---------- Material shown ----------

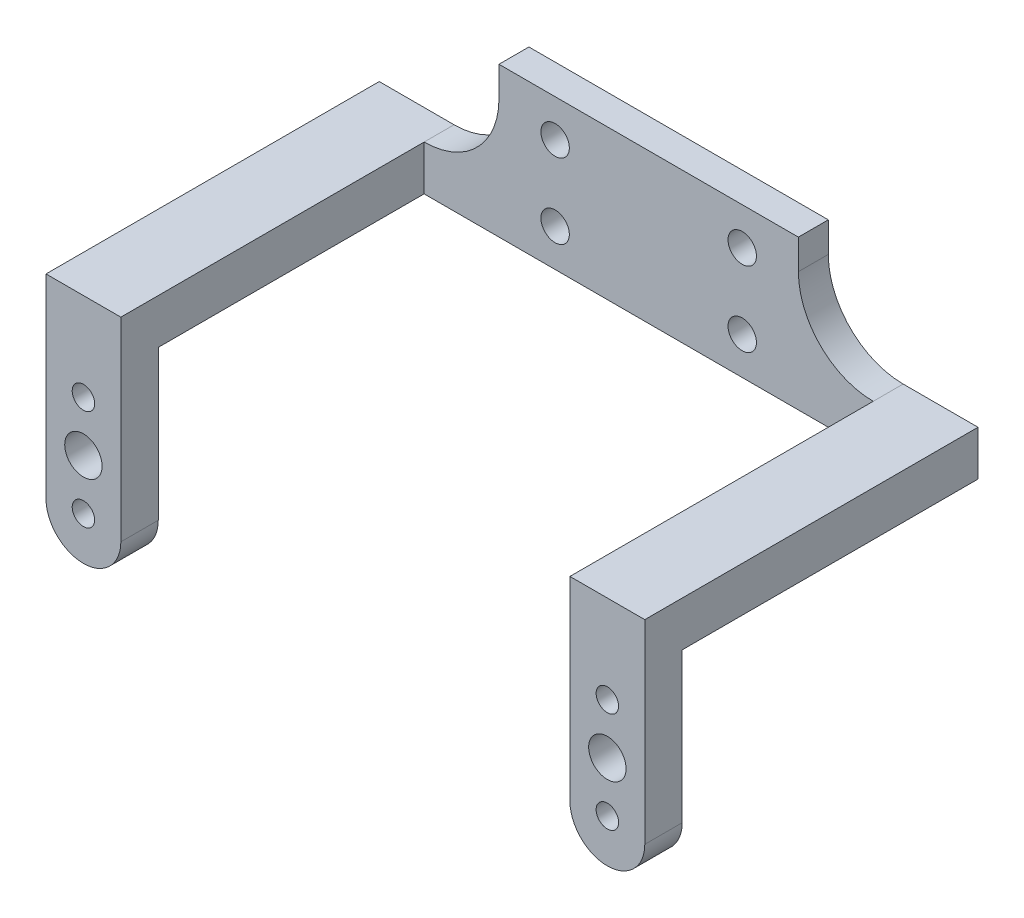
ISO-10303-21;
HEADER;
FILE_DESCRIPTION(('STEP AP214'),'2;1');
FILE_NAME('part.step','',(''),(''),'','','');
FILE_SCHEMA(('AUTOMOTIVE_DESIGN { 1 0 10303 214 1 1 1 1 }'));
ENDSEC;
DATA;
#1=APPLICATION_CONTEXT('core data for automotive mechanical design processes');
#2=APPLICATION_PROTOCOL_DEFINITION('international standard','automotive_design',2000,#1);
#3=PRODUCT_CONTEXT('',#1,'mechanical');
#4=PRODUCT('Part','Part','',(#3));
#5=PRODUCT_RELATED_PRODUCT_CATEGORY('part','',(#4));
#6=PRODUCT_DEFINITION_FORMATION('','',#4);
#7=PRODUCT_DEFINITION_CONTEXT('part definition',#1,'design');
#8=PRODUCT_DEFINITION('design','',#6,#7);
#9=PRODUCT_DEFINITION_SHAPE('','',#8);
#10=(LENGTH_UNIT() NAMED_UNIT(*) SI_UNIT(.MILLI.,.METRE.));
#11=(NAMED_UNIT(*) PLANE_ANGLE_UNIT() SI_UNIT($,.RADIAN.));
#12=(NAMED_UNIT(*) SI_UNIT($,.STERADIAN.) SOLID_ANGLE_UNIT());
#13=UNCERTAINTY_MEASURE_WITH_UNIT(LENGTH_MEASURE(1.E-05),#10,'distance_accuracy_value','');
#14=(GEOMETRIC_REPRESENTATION_CONTEXT(3) GLOBAL_UNCERTAINTY_ASSIGNED_CONTEXT((#13)) GLOBAL_UNIT_ASSIGNED_CONTEXT((#10,
#11,#12)) REPRESENTATION_CONTEXT('',''));
#15=CARTESIAN_POINT('',(0.,0.,0.));
#16=DIRECTION('',(0.,0.,1.));
#17=DIRECTION('',(1.,0.,0.));
#18=AXIS2_PLACEMENT_3D('',#15,#16,#17);
#19=CARTESIAN_POINT('',(0.,0.,44.52));
#20=DIRECTION('',(0.,0.,1.));
#21=DIRECTION('',(1.,0.,0.));
#22=AXIS2_PLACEMENT_3D('',#19,#20,#21);
#23=PLANE('',#22);
#24=CARTESIAN_POINT('',(35.,-5.77,44.52));
#25=DIRECTION('',(0.,0.,1.));
#26=DIRECTION('',(1.,0.,0.));
#27=AXIS2_PLACEMENT_3D('',#24,#25,#26);
#28=CIRCLE('',#27,1.5);
#29=CARTESIAN_POINT('',(36.5,-5.77,44.52));
#30=VERTEX_POINT('',#29);
#31=EDGE_CURVE('E401',#30,#30,#28,.F.);
#32=ORIENTED_EDGE('',*,*,#31,.T.);
#33=EDGE_LOOP('',(#32));
#34=FACE_BOUND('',#33,.T.);
#35=CARTESIAN_POINT('',(35.,-20.,44.52));
#36=DIRECTION('',(0.,0.,1.));
#37=DIRECTION('',(1.,0.,0.));
#38=AXIS2_PLACEMENT_3D('',#35,#36,#37);
#39=CIRCLE('',#38,5.);
#40=CARTESIAN_POINT('',(30.,-20.,44.52));
#41=VERTEX_POINT('',#40);
#42=CARTESIAN_POINT('',(35.,-25.,44.52));
#43=VERTEX_POINT('',#42);
#44=EDGE_CURVE('E299',#41,#43,#39,.T.);
#45=ORIENTED_EDGE('',*,*,#44,.T.);
#46=CARTESIAN_POINT('',(35.,-20.,44.52));
#47=DIRECTION('',(0.,0.,1.));
#48=DIRECTION('',(1.,0.,0.));
#49=AXIS2_PLACEMENT_3D('',#46,#47,#48);
#50=CIRCLE('',#49,5.);
#51=CARTESIAN_POINT('',(40.,-20.,44.52));
#52=VERTEX_POINT('',#51);
#53=EDGE_CURVE('E301',#43,#52,#50,.T.);
#54=ORIENTED_EDGE('',*,*,#53,.T.);
#55=DIRECTION('',(0.,1.,0.));
#56=VECTOR('',#55,1.);
#57=CARTESIAN_POINT('',(40.,0.,44.52));
#58=LINE('',#57,#56);
#59=CARTESIAN_POINT('',(40.,6.,44.52));
#60=VERTEX_POINT('',#59);
#61=EDGE_CURVE('E215',#52,#60,#58,.T.);
#62=ORIENTED_EDGE('',*,*,#61,.T.);
#63=DIRECTION('',(-1.,0.,0.));
#64=VECTOR('',#63,1.);
#65=CARTESIAN_POINT('',(40.,6.,44.52));
#66=LINE('',#65,#64);
#67=CARTESIAN_POINT('',(30.,6.,44.52));
#68=VERTEX_POINT('',#67);
#69=EDGE_CURVE('E272',#60,#68,#66,.T.);
#70=ORIENTED_EDGE('',*,*,#69,.T.);
#71=DIRECTION('',(0.,-1.,0.));
#72=VECTOR('',#71,1.);
#73=CARTESIAN_POINT('',(30.,0.,44.52));
#74=LINE('',#73,#72);
#75=EDGE_CURVE('E221',#68,#41,#74,.T.);
#76=ORIENTED_EDGE('',*,*,#75,.T.);
#77=EDGE_LOOP('',(#45,#54,#62,#70,#76));
#78=FACE_BOUND('',#77,.T.);
#79=CARTESIAN_POINT('',(35.,-12.5,44.52));
#80=DIRECTION('',(0.,0.,1.));
#81=DIRECTION('',(1.,0.,0.));
#82=AXIS2_PLACEMENT_3D('',#79,#80,#81);
#83=CIRCLE('',#82,2.5);
#84=CARTESIAN_POINT('',(37.5,-12.5,44.52));
#85=VERTEX_POINT('',#84);
#86=EDGE_CURVE('E389',#85,#85,#83,.F.);
#87=ORIENTED_EDGE('',*,*,#86,.T.);
#88=EDGE_LOOP('',(#87));
#89=FACE_BOUND('',#88,.T.);
#90=CARTESIAN_POINT('',(35.,-19.23,44.52));
#91=DIRECTION('',(0.,0.,1.));
#92=DIRECTION('',(1.,0.,0.));
#93=AXIS2_PLACEMENT_3D('',#90,#91,#92);
#94=CIRCLE('',#93,1.5);
#95=CARTESIAN_POINT('',(36.5,-19.23,44.52));
#96=VERTEX_POINT('',#95);
#97=EDGE_CURVE('E407',#96,#96,#94,.F.);
#98=ORIENTED_EDGE('',*,*,#97,.T.);
#99=EDGE_LOOP('',(#98));
#100=FACE_BOUND('',#99,.T.);
#101=ADVANCED_FACE('F33',(#34,#78,#89,#100),#23,.T.);
#102=CARTESIAN_POINT('',(30.,-25.,39.52));
#103=DIRECTION('',(0.,0.,1.));
#104=DIRECTION('',(1.,0.,0.));
#105=AXIS2_PLACEMENT_3D('',#102,#103,#104);
#106=PLANE('',#105);
#107=CARTESIAN_POINT('',(35.,-5.77,39.52));
#108=DIRECTION('',(0.,0.,1.));
#109=DIRECTION('',(1.,0.,0.));
#110=AXIS2_PLACEMENT_3D('',#107,#108,#109);
#111=CIRCLE('',#110,1.5);
#112=CARTESIAN_POINT('',(36.5,-5.77,39.52));
#113=VERTEX_POINT('',#112);
#114=EDGE_CURVE('E404',#113,#113,#111,.T.);
#115=ORIENTED_EDGE('',*,*,#114,.T.);
#116=EDGE_LOOP('',(#115));
#117=FACE_BOUND('',#116,.T.);
#118=DIRECTION('',(0.,1.,0.));
#119=VECTOR('',#118,1.);
#120=CARTESIAN_POINT('',(40.,-25.,39.52));
#121=LINE('',#120,#119);
#122=CARTESIAN_POINT('',(40.,-20.,39.52));
#123=VERTEX_POINT('',#122);
#124=CARTESIAN_POINT('',(40.,0.,39.52));
#125=VERTEX_POINT('',#124);
#126=EDGE_CURVE('E369',#123,#125,#121,.T.);
#127=ORIENTED_EDGE('',*,*,#126,.F.);
#128=CARTESIAN_POINT('',(35.,-20.,39.52));
#129=DIRECTION('',(0.,0.,1.));
#130=DIRECTION('',(1.,0.,0.));
#131=AXIS2_PLACEMENT_3D('',#128,#129,#130);
#132=CIRCLE('',#131,5.);
#133=CARTESIAN_POINT('',(35.,-25.,39.52));
#134=VERTEX_POINT('',#133);
#135=EDGE_CURVE('E308',#123,#134,#132,.F.);
#136=ORIENTED_EDGE('',*,*,#135,.T.);
#137=CARTESIAN_POINT('',(35.,-20.,39.52));
#138=DIRECTION('',(0.,0.,1.));
#139=DIRECTION('',(1.,0.,0.));
#140=AXIS2_PLACEMENT_3D('',#137,#138,#139);
#141=CIRCLE('',#140,5.);
#142=CARTESIAN_POINT('',(30.,-20.,39.52));
#143=VERTEX_POINT('',#142);
#144=EDGE_CURVE('E306',#134,#143,#141,.F.);
#145=ORIENTED_EDGE('',*,*,#144,.T.);
#146=DIRECTION('',(0.,1.,0.));
#147=VECTOR('',#146,1.);
#148=CARTESIAN_POINT('',(30.,-25.,39.52));
#149=LINE('',#148,#147);
#150=CARTESIAN_POINT('',(30.,0.,39.52));
#151=VERTEX_POINT('',#150);
#152=EDGE_CURVE('E248',#143,#151,#149,.T.);
#153=ORIENTED_EDGE('',*,*,#152,.T.);
#154=DIRECTION('',(1.,0.,0.));
#155=VECTOR('',#154,1.);
#156=CARTESIAN_POINT('',(30.,0.,39.52));
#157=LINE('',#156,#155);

----------

Exercise prompt: Take the entries above and return only the lines from the one with "#17=DIRECTION('',(1.,0.,0.));" to the one with "#25=DIRECTION('',(0.,0.,1.));", both included, unchanged.

Your response:
#17=DIRECTION('',(1.,0.,0.));
#18=AXIS2_PLACEMENT_3D('',#15,#16,#17);
#19=CARTESIAN_POINT('',(0.,0.,44.52));
#20=DIRECTION('',(0.,0.,1.));
#21=DIRECTION('',(1.,0.,0.));
#22=AXIS2_PLACEMENT_3D('',#19,#20,#21);
#23=PLANE('',#22);
#24=CARTESIAN_POINT('',(35.,-5.77,44.52));
#25=DIRECTION('',(0.,0.,1.));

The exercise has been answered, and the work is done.